If a record holds a picture, leave the picture out and print everything else exactly.

BEGIN

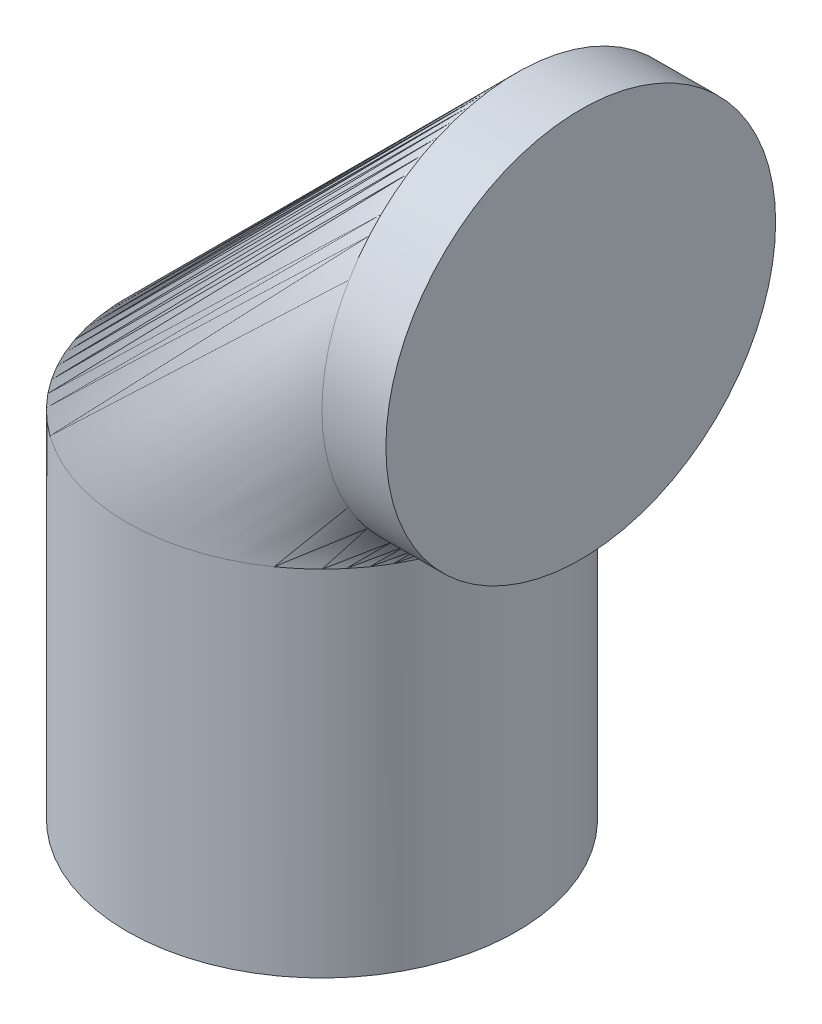
SolidWorks part; units mm, degrees
ref_plane "Front Plane" through (0, 0, 0) normal (0, 0, 1) x (1, 0, 0)
ref_plane "Top Plane" through (0, 0, 0) normal (0, 1, 0) x (1, 0, 0)
ref_plane "Right Plane" through (0, 0, 0) normal (1, 0, 0) x (0, 0, -1)
sketch "Sketch4" plane through (0, 0, 0) normal (0, 0, 1) x (1, 0, 0)
  line L0 (0, 0) -> (0, 45.42)
  line L1 (25, 70.42) -> (33.2, 70.42)
  arc A0 (0, 45.42) -> (25, 70.42) centre (25, 45.42) cw
  point P3 (0, 0)
  point P7 (0, 70.42)
  dimension "D3" = 25
  dimension "D1" = 70.42
  dimension "D2" = 33.2
sketch "Sketch5" plane through (0, 0, 0) normal (0, 1, 0) x (1, 0, 0)
  circle A0 centre (0, 0) radius 25
  dimension "D1" = 50
sweep "Sweep2" add profiles "Sketch5" path "Sketch4"

END

_The answer_.
SolidWorks part; units mm, degrees
ref_plane "Front Plane" through (0, 0, 0) normal (0, 0, 1) x (1, 0, 0)
ref_plane "Top Plane" through (0, 0, 0) normal (0, 1, 0) x (1, 0, 0)
ref_plane "Right Plane" through (0, 0, 0) normal (1, 0, 0) x (0, 0, -1)
sketch "Sketch4" plane through (0, 0, 0) normal (0, 0, 1) x (1, 0, 0)
  line L0 (0, 0) -> (0, 45.42)
  line L1 (25, 70.42) -> (33.2, 70.42)
  arc A0 (0, 45.42) -> (25, 70.42) centre (25, 45.42) cw
  point P3 (0, 0)
  point P7 (0, 70.42)
  dimension "D3" = 25
  dimension "D1" = 70.42
  dimension "D2" = 33.2
sketch "Sketch5" plane through (0, 0, 0) normal (0, 1, 0) x (1, 0, 0)
  circle A0 centre (0, 0) radius 25
  dimension "D1" = 50
sweep "Sweep2" add profiles "Sketch5" path "Sketch4"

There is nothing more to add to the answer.